"The meat from the animal is then processed into the food
chain BEFORE the results of the tests are known !!!!!"
Scientists and food safety activists said the rules had been fatally watered down, under pressure from the farming and meat-packing lobbies.
Dr Stanley Pruisner, a neurologist who won the Nobel Prize for identifying the causes of BSE, told the New York Times that, just six weeks ago, he requested a private meeting with the US agriculture secretary, Ann Veneman, to urge widespread testing of cattle.
"I went to tell her what happened in Canada was going to happen in the United States. I told her it was just a matter of time," he said.
Mrs Veneman - a former agriculture industry lobbyist - did not share his sense of urgency, said Dr Pruesner, who accused officials of being "wilfully blind".
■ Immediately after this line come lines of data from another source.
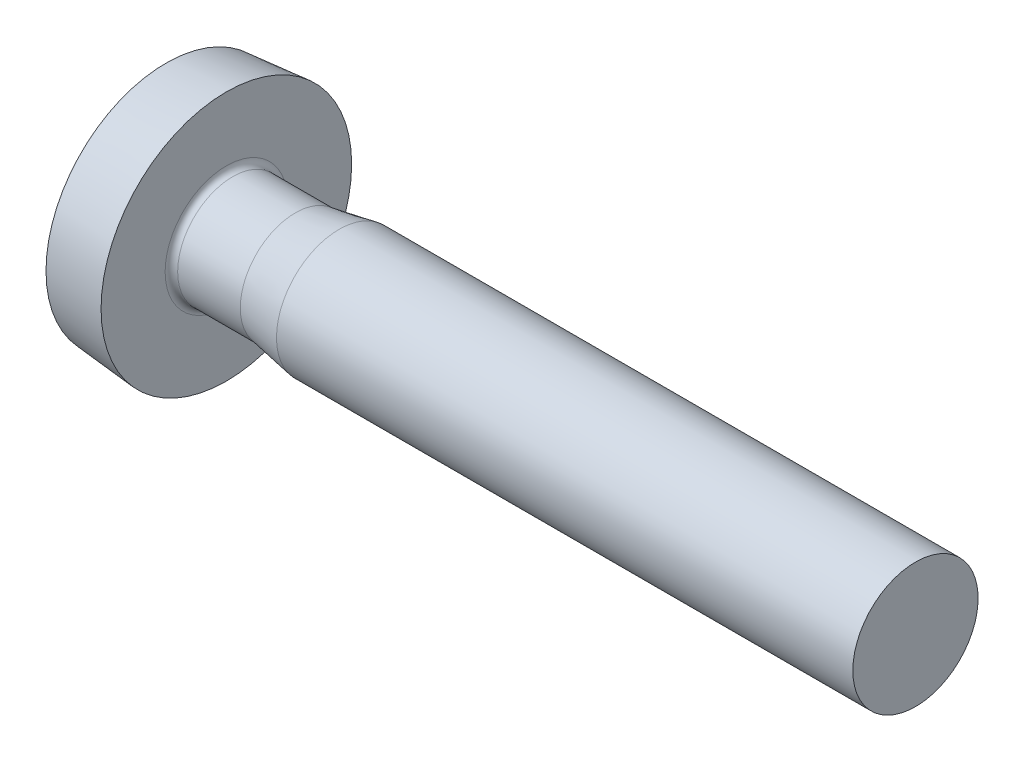
ISO-10303-21;
HEADER;
FILE_DESCRIPTION(('STEP AP214'),'2;1');
FILE_NAME('part.step','',(''),(''),'','','');
FILE_SCHEMA(('AUTOMOTIVE_DESIGN { 1 0 10303 214 1 1 1 1 }'));
ENDSEC;
DATA;
#1=APPLICATION_CONTEXT('core data for automotive mechanical design processes');
#2=APPLICATION_PROTOCOL_DEFINITION('international standard','automotive_design',2000,#1);
#3=PRODUCT_CONTEXT('',#1,'mechanical');
#4=PRODUCT('Part','Part','',(#3));
#5=PRODUCT_RELATED_PRODUCT_CATEGORY('part','',(#4));
#6=PRODUCT_DEFINITION_FORMATION('','',#4);
#7=PRODUCT_DEFINITION_CONTEXT('part definition',#1,'design');
#8=PRODUCT_DEFINITION('design','',#6,#7);
#9=PRODUCT_DEFINITION_SHAPE('','',#8);
#10=(LENGTH_UNIT() NAMED_UNIT(*) SI_UNIT(.MILLI.,.METRE.));
#11=(NAMED_UNIT(*) PLANE_ANGLE_UNIT() SI_UNIT($,.RADIAN.));
#12=(NAMED_UNIT(*) SI_UNIT($,.STERADIAN.) SOLID_ANGLE_UNIT());
#13=UNCERTAINTY_MEASURE_WITH_UNIT(LENGTH_MEASURE(1.E-05),#10,'distance_accuracy_value','');
#14=(GEOMETRIC_REPRESENTATION_CONTEXT(3) GLOBAL_UNCERTAINTY_ASSIGNED_CONTEXT((#13)) GLOBAL_UNIT_ASSIGNED_CONTEXT((#10,
#11,#12)) REPRESENTATION_CONTEXT('',''));
#15=CARTESIAN_POINT('',(0.,0.,0.));
#16=DIRECTION('',(0.,0.,1.));
#17=DIRECTION('',(1.,0.,0.));
#18=AXIS2_PLACEMENT_3D('',#15,#16,#17);
#19=CARTESIAN_POINT('',(1.59999999999987,0.,0.));
#20=DIRECTION('',(-1.,0.,0.));
#21=DIRECTION('',(0.,1.,0.));
#22=AXIS2_PLACEMENT_3D('',#19,#20,#21);
#23=SPHERICAL_SURFACE('',#22,3.19999999999987);
#24=CARTESIAN_POINT('',(-0.963195993658201,0.,0.));
#25=DIRECTION('',(-1.,0.,0.));
#26=DIRECTION('',(0.,0.,1.));
#27=AXIS2_PLACEMENT_3D('',#24,#25,#26);
#28=CIRCLE('',#27,1.9157312698013);
#29=CARTESIAN_POINT('',(-0.963195993658201,0.,1.9157312698013));
#30=VERTEX_POINT('',#29);
#31=EDGE_CURVE('E211',#30,#30,#28,.T.);
#32=ORIENTED_EDGE('',*,*,#31,.T.);
#33=EDGE_LOOP('',(#32));
#34=FACE_BOUND('',#33,.T.);
#35=CARTESIAN_POINT('',(1.59999999999987,0.153213036278402,-0.0134044037787443));
#36=DIRECTION('',(0.,-0.996194698091745,0.0871557427476639));
#37=DIRECTION('',(0.,-0.0871557427476639,-0.996194698091745));
#38=AXIS2_PLACEMENT_3D('',#35,#36,#37);
#39=CIRCLE('',#38,3.19630193934692);
#40=CARTESIAN_POINT('',(-1.44648875756993,0.2375,0.95));
#41=VERTEX_POINT('',#40);
#42=CARTESIAN_POINT('',(-1.57181248414002,0.18763146179022,0.38));
#43=VERTEX_POINT('',#42);
#44=EDGE_CURVE('E11',#41,#43,#39,.T.);
#45=ORIENTED_EDGE('',*,*,#44,.F.);
#46=CARTESIAN_POINT('',(1.59999999999987,0.,0.95));
#47=DIRECTION('',(0.,0.,-1.));
#48=DIRECTION('',(-1.,0.,0.));
#49=AXIS2_PLACEMENT_3D('',#46,#47,#48);
#50=CIRCLE('',#49,3.05573231811937);
#51=CARTESIAN_POINT('',(-1.44648875756992,-0.2375,0.95));
#52=VERTEX_POINT('',#51);
#53=EDGE_CURVE('E43',#52,#41,#50,.T.);
#54=ORIENTED_EDGE('',*,*,#53,.F.);
#55=CARTESIAN_POINT('',(1.59999999999987,-0.153213036278402,-0.0134044037787501));
#56=DIRECTION('',(0.,0.996194698091745,0.0871557427476639));
#57=DIRECTION('',(0.,-0.0871557427476639,0.996194698091745));
#58=AXIS2_PLACEMENT_3D('',#55,#56,#57);
#59=CIRCLE('',#58,3.19630193934691);
#60=CARTESIAN_POINT('',(-1.57181248414001,-0.18763146179022,0.38));
#61=VERTEX_POINT('',#60);
#62=EDGE_CURVE('E248',#61,#52,#59,.T.);
#63=ORIENTED_EDGE('',*,*,#62,.F.);
#64=CARTESIAN_POINT('',(1.59999999999987,-0.285633226163518,0.0999586768625951));
#65=DIRECTION('',(0.,0.943871701028256,-0.330312294651632));
#66=DIRECTION('',(0.,0.330312294651632,0.943871701028256));
#67=AXIS2_PLACEMENT_3D('',#64,#65,#66);
#68=CIRCLE('',#67,3.18565878948616);
#69=CARTESIAN_POINT('',(-1.58232422923875,-0.2375,0.2375));
#70=VERTEX_POINT('',#69);
#71=EDGE_CURVE('E246',#70,#61,#68,.T.);
#72=ORIENTED_EDGE('',*,*,#71,.F.);
#73=CARTESIAN_POINT('',(1.59999999999987,-0.0999586768625553,0.285633226163532));
#74=DIRECTION('',(0.,0.330312294651632,-0.943871701028256));
#75=DIRECTION('',(0.,0.943871701028256,0.330312294651632));
#76=AXIS2_PLACEMENT_3D('',#73,#74,#75);
#77=CIRCLE('',#76,3.18565878948616);
#78=CARTESIAN_POINT('',(-1.57181248414001,-0.38,0.18763146179022));
#79=VERTEX_POINT('',#78);
#80=EDGE_CURVE('E244',#79,#70,#77,.T.);
#81=ORIENTED_EDGE('',*,*,#80,.F.);
#82=CARTESIAN_POINT('',(1.59999999999987,0.01340440377878,0.153213036278399));
#83=DIRECTION('',(0.,-0.0871557427476639,-0.996194698091745));
#84=DIRECTION('',(0.,0.996194698091745,-0.0871557427476639));
#85=AXIS2_PLACEMENT_3D('',#82,#83,#84);
#86=CIRCLE('',#85,3.19630193934691);
#87=CARTESIAN_POINT('',(-1.44648875756992,-0.95,0.2375));
#88=VERTEX_POINT('',#87);
#89=EDGE_CURVE('E242',#88,#79,#86,.T.);
#90=ORIENTED_EDGE('',*,*,#89,.F.);
#91=CARTESIAN_POINT('',(1.59999999999987,-0.95,0.));
#92=DIRECTION('',(0.,1.,0.));
#93=DIRECTION('',(0.,0.,1.));
#94=AXIS2_PLACEMENT_3D('',#91,#92,#93);
#95=CIRCLE('',#94,3.05573231811936);
#96=CARTESIAN_POINT('',(-1.44648875756992,-0.95,-0.2375));
#97=VERTEX_POINT('',#96);
#98=EDGE_CURVE('E240',#97,#88,#95,.T.);
#99=ORIENTED_EDGE('',*,*,#98,.F.);
#100=CARTESIAN_POINT('',(1.59999999999987,0.01340440377878,-0.153213036278399));
#101=DIRECTION('',(0.,-0.0871557427476639,0.996194698091745));
#102=DIRECTION('',(0.,-0.996194698091745,-0.0871557427476639));
#103=AXIS2_PLACEMENT_3D('',#100,#101,#102);
#104=CIRCLE('',#103,3.19630193934691);
#105=CARTESIAN_POINT('',(-1.57181248414001,-0.38,-0.18763146179022));
#106=VERTEX_POINT('',#105);
#107=EDGE_CURVE('E238',#106,#97,#104,.T.);
#108=ORIENTED_EDGE('',*,*,#107,.F.);
#109=CARTESIAN_POINT('',(1.59999999999987,-0.0999586768625553,-0.285633226163532));
#110=DIRECTION('',(0.,0.330312294651632,0.943871701028256));
#111=DIRECTION('',(0.,-0.943871701028256,0.330312294651632));
#112=AXIS2_PLACEMENT_3D('',#109,#110,#111);
#113=CIRCLE('',#112,3.18565878948616);
#114=CARTESIAN_POINT('',(-1.58232422923875,-0.2375,-0.2375));
#115=VERTEX_POINT('',#114);
#116=EDGE_CURVE('E236',#115,#106,#113,.T.);
#117=ORIENTED_EDGE('',*,*,#116,.F.);
#118=CARTESIAN_POINT('',(1.59999999999987,-0.285633226163518,-0.0999586768625951));
#119=DIRECTION('',(0.,0.943871701028256,0.330312294651632));
#120=DIRECTION('',(0.,-0.330312294651632,0.943871701028256));
#121=AXIS2_PLACEMENT_3D('',#118,#119,#120);
#122=CIRCLE('',#121,3.18565878948616);
#123=CARTESIAN_POINT('',(-1.57181248414001,-0.18763146179022,-0.38));
#124=VERTEX_POINT('',#123);
#125=EDGE_CURVE('E234',#124,#115,#122,.T.);
#126=ORIENTED_EDGE('',*,*,#125,.F.);
#127=CARTESIAN_POINT('',(1.59999999999987,-0.153213036278402,0.0134044037787501));
#128=DIRECTION('',(0.,0.996194698091745,-0.0871557427476639));
#129=DIRECTION('',(0.,0.0871557427476639,0.996194698091745));
#130=AXIS2_PLACEMENT_3D('',#127,#128,#129);
#131=CIRCLE('',#130,3.19630193934691);
#132=CARTESIAN_POINT('',(-1.44648875756992,-0.2375,-0.95));
#133=VERTEX_POINT('',#132);
#134=EDGE_CURVE('E232',#133,#124,#131,.T.);
#135=ORIENTED_EDGE('',*,*,#134,.F.);
#136=CARTESIAN_POINT('',(1.59999999999987,0.,-0.95));
#137=DIRECTION('',(0.,0.,1.));
#138=DIRECTION('',(1.,0.,0.));
#139=AXIS2_PLACEMENT_3D('',#136,#137,#138);
#140=CIRCLE('',#139,3.05573231811937);
#141=CARTESIAN_POINT('',(-1.44648875756993,0.2375,-0.95));
#142=VERTEX_POINT('',#141);
#143=EDGE_CURVE('E230',#142,#133,#140,.T.);
#144=ORIENTED_EDGE('',*,*,#143,.F.);
#145=CARTESIAN_POINT('',(1.59999999999987,0.153213036278402,0.0134044037787443));
#146=DIRECTION('',(0.,-0.996194698091745,-0.0871557427476639));
#147=DIRECTION('',(0.,0.0871557427476639,-0.996194698091745));
#148=AXIS2_PLACEMENT_3D('',#145,#146,#147);
#149=CIRCLE('',#148,3.19630193934692);
#150=CARTESIAN_POINT('',(-1.57181248414002,0.18763146179022,-0.38));
#151=VERTEX_POINT('',#150);
#152=EDGE_CURVE('E228',#151,#142,#149,.T.);
#153=ORIENTED_EDGE('',*,*,#152,.F.);
#154=CARTESIAN_POINT('',(1.59999999999987,0.285633226163526,-0.0999586768625745));
#155=DIRECTION('',(0.,-0.943871701028256,0.330312294651632));
#156=DIRECTION('',(0.,-0.330312294651632,-0.943871701028256));
#157=AXIS2_PLACEMENT_3D('',#154,#155,#156);
#158=CIRCLE('',#157,3.18565878948617);
#159=CARTESIAN_POINT('',(-1.58232422923875,0.2375,-0.2375));
#160=VERTEX_POINT('',#159);
#161=EDGE_CURVE('E226',#160,#151,#158,.T.);
#162=ORIENTED_EDGE('',*,*,#161,.F.);
#163=CARTESIAN_POINT('',(1.59999999999987,0.0999586768626142,-0.285633226163512));
#164=DIRECTION('',(0.,-0.330312294651632,0.943871701028256));
#165=DIRECTION('',(0.,-0.943871701028256,-0.330312294651632));
#166=AXIS2_PLACEMENT_3D('',#163,#164,#165);
#167=CIRCLE('',#166,3.18565878948617);
#168=CARTESIAN_POINT('',(-1.57181248414002,0.38,-0.18763146179022));
#169=VERTEX_POINT('',#168);
#170=EDGE_CURVE('E224',#169,#160,#167,.T.);
#171=ORIENTED_EDGE('',*,*,#170,.F.);
#172=CARTESIAN_POINT('',(1.59999999999987,-0.0134044037787144,-0.153213036278405));
#173=DIRECTION('',(0.,0.0871557427476639,0.996194698091745));
#174=DIRECTION('',(0.,-0.996194698091745,0.0871557427476639));
#175=AXIS2_PLACEMENT_3D('',#172,#173,#174);
#176=CIRCLE('',#175,3.19630193934691);
#177=CARTESIAN_POINT('',(-1.44648875756994,0.95,-0.2375));
#178=VERTEX_POINT('',#177);
#179=EDGE_CURVE('E222',#178,#169,#176,.T.);
#180=ORIENTED_EDGE('',*,*,#179,.F.);
#181=CARTESIAN_POINT('',(1.59999999999987,0.95,0.));
#182=DIRECTION('',(0.,-1.,0.));
#183=DIRECTION('',(0.,0.,-1.));
#184=AXIS2_PLACEMENT_3D('',#181,#182,#183);
#185=CIRCLE('',#184,3.05573231811938);
#186=CARTESIAN_POINT('',(-1.44648875756994,0.95,0.2375));
#187=VERTEX_POINT('',#186);
#188=EDGE_CURVE('E220',#187,#178,#185,.T.);
#189=ORIENTED_EDGE('',*,*,#188,.F.);
#190=CARTESIAN_POINT('',(1.59999999999987,-0.0134044037787144,0.153213036278405));
#191=DIRECTION('',(0.,0.0871557427476639,-0.996194698091745));
#192=DIRECTION('',(0.,0.996194698091745,0.0871557427476639));
#193=AXIS2_PLACEMENT_3D('',#190,#191,#192);
#194=CIRCLE('',#193,3.19630193934691);
#195=CARTESIAN_POINT('',(-1.57181248414002,0.38,0.18763146179022));
#196=VERTEX_POINT('',#195);
#197=EDGE_CURVE('E218',#196,#187,#194,.T.);
#198=ORIENTED_EDGE('',*,*,#197,.F.);
#199=CARTESIAN_POINT('',(1.59999999999987,0.0999586768626142,0.285633226163512));
#200=DIRECTION('',(0.,-0.330312294651632,-0.943871701028256));
#201=DIRECTION('',(0.,0.943871701028256,-0.330312294651632));
#202=AXIS2_PLACEMENT_3D('',#199,#200,#201);
#203=CIRCLE('',#202,3.18565878948617);
#204=CARTESIAN_POINT('',(-1.58232422923875,0.2375,0.2375));
#205=VERTEX_POINT('',#204);
#206=EDGE_CURVE('E216',#205,#196,#203,.T.);
#207=ORIENTED_EDGE('',*,*,#206,.F.);
#208=CARTESIAN_POINT('',(1.59999999999987,0.285633226163526,0.0999586768625745));
#209=DIRECTION('',(0.,-0.943871701028256,-0.330312294651632));
#210=DIRECTION('',(0.,0.330312294651632,-0.943871701028256));
#211=AXIS2_PLACEMENT_3D('',#208,#209,#210);
#212=CIRCLE('',#211,3.18565878948617);
#213=EDGE_CURVE('E214',#43,#205,#212,.T.);
#214=ORIENTED_EDGE('',*,*,#213,.F.);
#215=EDGE_LOOP('',(#45,#54,#63,#72,#81,#90,#99,#108,#117,#126,#135,#144,#153,#162,#171,#180,
#189,#198,#207,#214));
#216=FACE_BOUND('',#215,.T.);
#217=ADVANCED_FACE('F36',(#34,#216),#23,.T.);
#218=CARTESIAN_POINT('',(11.,0.,0.));
#219=DIRECTION('',(-1.,0.,0.));
#220=DIRECTION('',(0.,0.,1.));
#221=AXIS2_PLACEMENT_3D('',#218,#219,#220);
#222=CYLINDRICAL_SURFACE('',#221,0.87725);
#223=CARTESIAN_POINT('',(0.1,0.,0.));
#224=DIRECTION('',(-1.,0.,0.));
#225=DIRECTION('',(0.,0.,1.));
#226=AXIS2_PLACEMENT_3D('',#223,#224,#225);
#227=CIRCLE('',#226,0.87725);
#228=CARTESIAN_POINT('',(0.1,0.,0.87725));
#229=VERTEX_POINT('',#228);
#230=EDGE_CURVE('E187',#229,#229,#227,.T.);
#231=ORIENTED_EDGE('',*,*,#230,.F.);
#232=EDGE_LOOP('',(#231));
#233=FACE_BOUND('',#232,.T.);
#234=CARTESIAN_POINT('',(1.1,0.,0.));
#235=DIRECTION('',(-1.,0.,0.));
#236=DIRECTION('',(0.,0.,1.));
#237=AXIS2_PLACEMENT_3D('',#234,#235,#236);
#238=CIRCLE('',#237,0.87725);
#239=CARTESIAN_POINT('',(1.1,0.,0.87725));
#240=VERTEX_POINT('',#239);
#241=EDGE_CURVE('E205',#240,#240,#238,.T.);
#242=ORIENTED_EDGE('',*,*,#241,.T.);
#243=EDGE_LOOP('',(#242));
#244=FACE_BOUND('',#243,.T.);
#245=ADVANCED_FACE('F428',(#233,#244),#222,.T.);
#246=CARTESIAN_POINT('',(1.8,0.,0.));
#247=DIRECTION('',(1.,0.,0.));
#248=DIRECTION('',(0.,0.,-1.));
#249=AXIS2_PLACEMENT_3D('',#246,#247,#248);
#250=CONICAL_SURFACE('',#249,1.,0.173592175789918);
#251=ORIENTED_EDGE('',*,*,#241,.F.);
#252=EDGE_LOOP('',(#251));
#253=FACE_BOUND('',#252,.T.);
#254=CARTESIAN_POINT('',(1.8,0.,0.));
#255=DIRECTION('',(-1.,0.,0.));
#256=DIRECTION('',(0.,0.,1.));
#257=AXIS2_PLACEMENT_3D('',#254,#255,#256);
#258=CIRCLE('',#257,1.);
#259=CARTESIAN_POINT('',(1.8,0.,1.));
#260=VERTEX_POINT('',#259);
#261=EDGE_CURVE('E202',#260,#260,#258,.T.);
#262=ORIENTED_EDGE('',*,*,#261,.T.);
#263=EDGE_LOOP('',(#262));
#264=FACE_BOUND('',#263,.T.);
#265=ADVANCED_FACE('F433',(#253,#264),#250,.T.);
#266=CARTESIAN_POINT('',(11.,0.,0.));
#267=DIRECTION('',(-1.,0.,0.));
#268=DIRECTION('',(0.,0.,1.));
#269=AXIS2_PLACEMENT_3D('',#266,#267,#268);
#270=CYLINDRICAL_SURFACE('',#269,1.);
#271=ORIENTED_EDGE('',*,*,#261,.F.);
#272=EDGE_LOOP('',(#271));
#273=FACE_BOUND('',#272,.T.);
#274=CARTESIAN_POINT('',(11.,0.,0.));
#275=DIRECTION('',(-1.,0.,0.));
#276=DIRECTION('',(0.,0.,1.));
#277=AXIS2_PLACEMENT_3D('',#274,#275,#276);
#278=CIRCLE('',#277,1.);
#279=CARTESIAN_POINT('',(11.,0.,1.));
#280=VERTEX_POINT('',#279);
#281=EDGE_CURVE('E199',#280,#280,#278,.T.);
#282=ORIENTED_EDGE('',*,*,#281,.T.);
#283=EDGE_LOOP('',(#282));
#284=FACE_BOUND('',#283,.T.);
#285=ADVANCED_FACE('F455',(#273,#284),#270,.T.);
#286=CARTESIAN_POINT('',(11.,1.,0.));
#287=DIRECTION('',(-1.,0.,0.));
#288=DIRECTION('',(0.,0.,1.));
#289=AXIS2_PLACEMENT_3D('',#286,#287,#288);
#290=PLANE('',#289);
#291=ORIENTED_EDGE('',*,*,#281,.F.);
#292=EDGE_LOOP('',(#291));
#293=FACE_BOUND('',#292,.T.);
#294=ADVANCED_FACE('F459',(#293),#290,.F.);
#295=CARTESIAN_POINT('',(0.100000000000008,0.,0.));
#296=DIRECTION('',(-1.,0.,0.));
#297=DIRECTION('',(0.,0.,1.));
#298=AXIS2_PLACEMENT_3D('',#295,#296,#297);
#299=TOROIDAL_SURFACE('',#298,0.977250000000008,0.100000000000008);
#300=CARTESIAN_POINT('',(0.,0.,0.));
#301=DIRECTION('',(-1.,0.,0.));
#302=DIRECTION('',(0.,0.,1.));
#303=AXIS2_PLACEMENT_3D('',#300,#301,#302);
#304=CIRCLE('',#303,0.977250000000008);
#305=CARTESIAN_POINT('',(0.,0.,0.977250000000008));
#306=VERTEX_POINT('',#305);
#307=EDGE_CURVE('E191',#306,#306,#304,.T.);
#308=ORIENTED_EDGE('',*,*,#307,.F.);
#309=EDGE_LOOP('',(#308));
#310=FACE_BOUND('',#309,.T.);
#311=ORIENTED_EDGE('',*,*,#230,.T.);
#312=EDGE_LOOP('',(#311));
#313=FACE_BOUND('',#312,.T.);
#314=ADVANCED_FACE('F442',(#310,#313),#299,.F.);
#315=CARTESIAN_POINT('',(0.,0.,0.));
#316=DIRECTION('',(1.,0.,0.));
#317=DIRECTION('',(0.,0.,-1.));
#318=AXIS2_PLACEMENT_3D('',#315,#316,#317);
#319=CONICAL_SURFACE('',#318,2.,0.0872664625997366);
#320=ORIENTED_EDGE('',*,*,#31,.F.);
#321=EDGE_LOOP('',(#320));
#322=FACE_BOUND('',#321,.T.);
#323=CARTESIAN_POINT('',(0.,0.,0.));
#324=DIRECTION('',(-1.,0.,0.));
#325=DIRECTION('',(0.,0.,1.));
#326=AXIS2_PLACEMENT_3D('',#323,#324,#325);
#327=CIRCLE('',#326,2.);
#328=CARTESIAN_POINT('',(0.,0.,2.));
#329=VERTEX_POINT('',#328);
#330=EDGE_CURVE('E208',#329,#329,#327,.T.);
#331=ORIENTED_EDGE('',*,*,#330,.T.);
#332=EDGE_LOOP('',(#331));
#333=FACE_BOUND('',#332,.T.);
#334=ADVANCED_FACE('F438',(#322,#333),#319,.T.);
#335=CARTESIAN_POINT('',(0.,2.,0.));
#336=DIRECTION('',(-1.,0.,0.));
#337=DIRECTION('',(0.,0.,1.));
#338=AXIS2_PLACEMENT_3D('',#335,#336,#337);
#339=PLANE('',#338);
#340=ORIENTED_EDGE('',*,*,#307,.T.);
#341=EDGE_LOOP('',(#340));
#342=FACE_BOUND('',#341,.T.);
#343=ORIENTED_EDGE('',*,*,#330,.F.);
#344=EDGE_LOOP('',(#343));
#345=FACE_BOUND('',#344,.T.);
#346=ADVANCED_FACE('F441',(#342,#345),#339,.F.);
#347=CARTESIAN_POINT('',(-0.8,0.18763146179022,0.38));
#348=DIRECTION('',(0.,-0.996194698091745,0.0871557427476639));
#349=DIRECTION('',(0.,-0.0871557427476639,-0.996194698091745));
#350=AXIS2_PLACEMENT_3D('',#347,#348,#349);
#351=PLANE('',#350);
#352=ORIENTED_EDGE('',*,*,#44,.T.);
#353=DIRECTION('',(-1.,0.,0.));
#354=VECTOR('',#353,1.);
#355=CARTESIAN_POINT('',(-0.8,0.18763146179022,0.38));
#356=LINE('',#355,#354);
#357=CARTESIAN_POINT('',(-0.8,0.18763146179022,0.38));
#358=VERTEX_POINT('',#357);
#359=EDGE_CURVE('E50',#358,#43,#356,.T.);
#360=ORIENTED_EDGE('',*,*,#359,.F.);
#361=DIRECTION('',(0.,0.0871557427476639,0.996194698091745));
#362=VECTOR('',#361,1.);
#363=CARTESIAN_POINT('',(-0.8,0.18763146179022,0.38));
#364=LINE('',#363,#362);
#365=CARTESIAN_POINT('',(-0.8,0.2375,0.95));
#366=VERTEX_POINT('',#365);
#367=EDGE_CURVE('E176',#358,#366,#364,.T.);
#368=ORIENTED_EDGE('',*,*,#367,.T.);
#369=DIRECTION('',(-1.,0.,0.));
#370=VECTOR('',#369,1.);
#371=CARTESIAN_POINT('',(-0.8,0.2375,0.95));
#372=LINE('',#371,#370);
#373=EDGE_CURVE('E183',#366,#41,#372,.T.);
#374=ORIENTED_EDGE('',*,*,#373,.T.);
#375=EDGE_LOOP('',(#352,#360,#368,#374));
#376=FACE_BOUND('',#375,.T.);
#377=ADVANCED_FACE('F182',(#376),#351,.T.);
#378=CARTESIAN_POINT('',(-0.8,0.2375,0.95));
#379=DIRECTION('',(0.,0.,-1.));
#380=DIRECTION('',(-1.,0.,0.));
#381=AXIS2_PLACEMENT_3D('',#378,#379,#380);
#382=PLANE('',#381);
#383=ORIENTED_EDGE('',*,*,#53,.T.);
#384=ORIENTED_EDGE('',*,*,#373,.F.);
#385=DIRECTION('',(0.,-1.,0.));
#386=VECTOR('',#385,1.);
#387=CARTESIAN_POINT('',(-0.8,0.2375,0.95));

The US department of agriculture (Usda) is conducting a "voluntary" recall of 10,410lb of beef feared tainted by the suspect cow. The animal, a Holstein sent for slaughter after being partly paralysed while calving, was killed at a small, old-fashioned plant in Moses Lake, Washington. Usda officials described it as a "downer" animal, or one unable to stand. A tissue sample of the cow was flown to Britain on Tuesday night for scientists to confirm the analysis of tests in America.
The US beef industry has resisted strong scientific pressure to stop processing meat from "downer" cows, and has also refused to stop using neck bones and spinal columns, where BSE proteins concentrate, from "automatic meat recovery systems" - giant rendering systems designed to extract scraps of tissue for use in hot dogs, burgers and pizza toppings.
Rules imposed after 1997 ban the feeding of cattle products to cows, and order the separation of brain and spinal tissue from carcasses at the point of slaughter.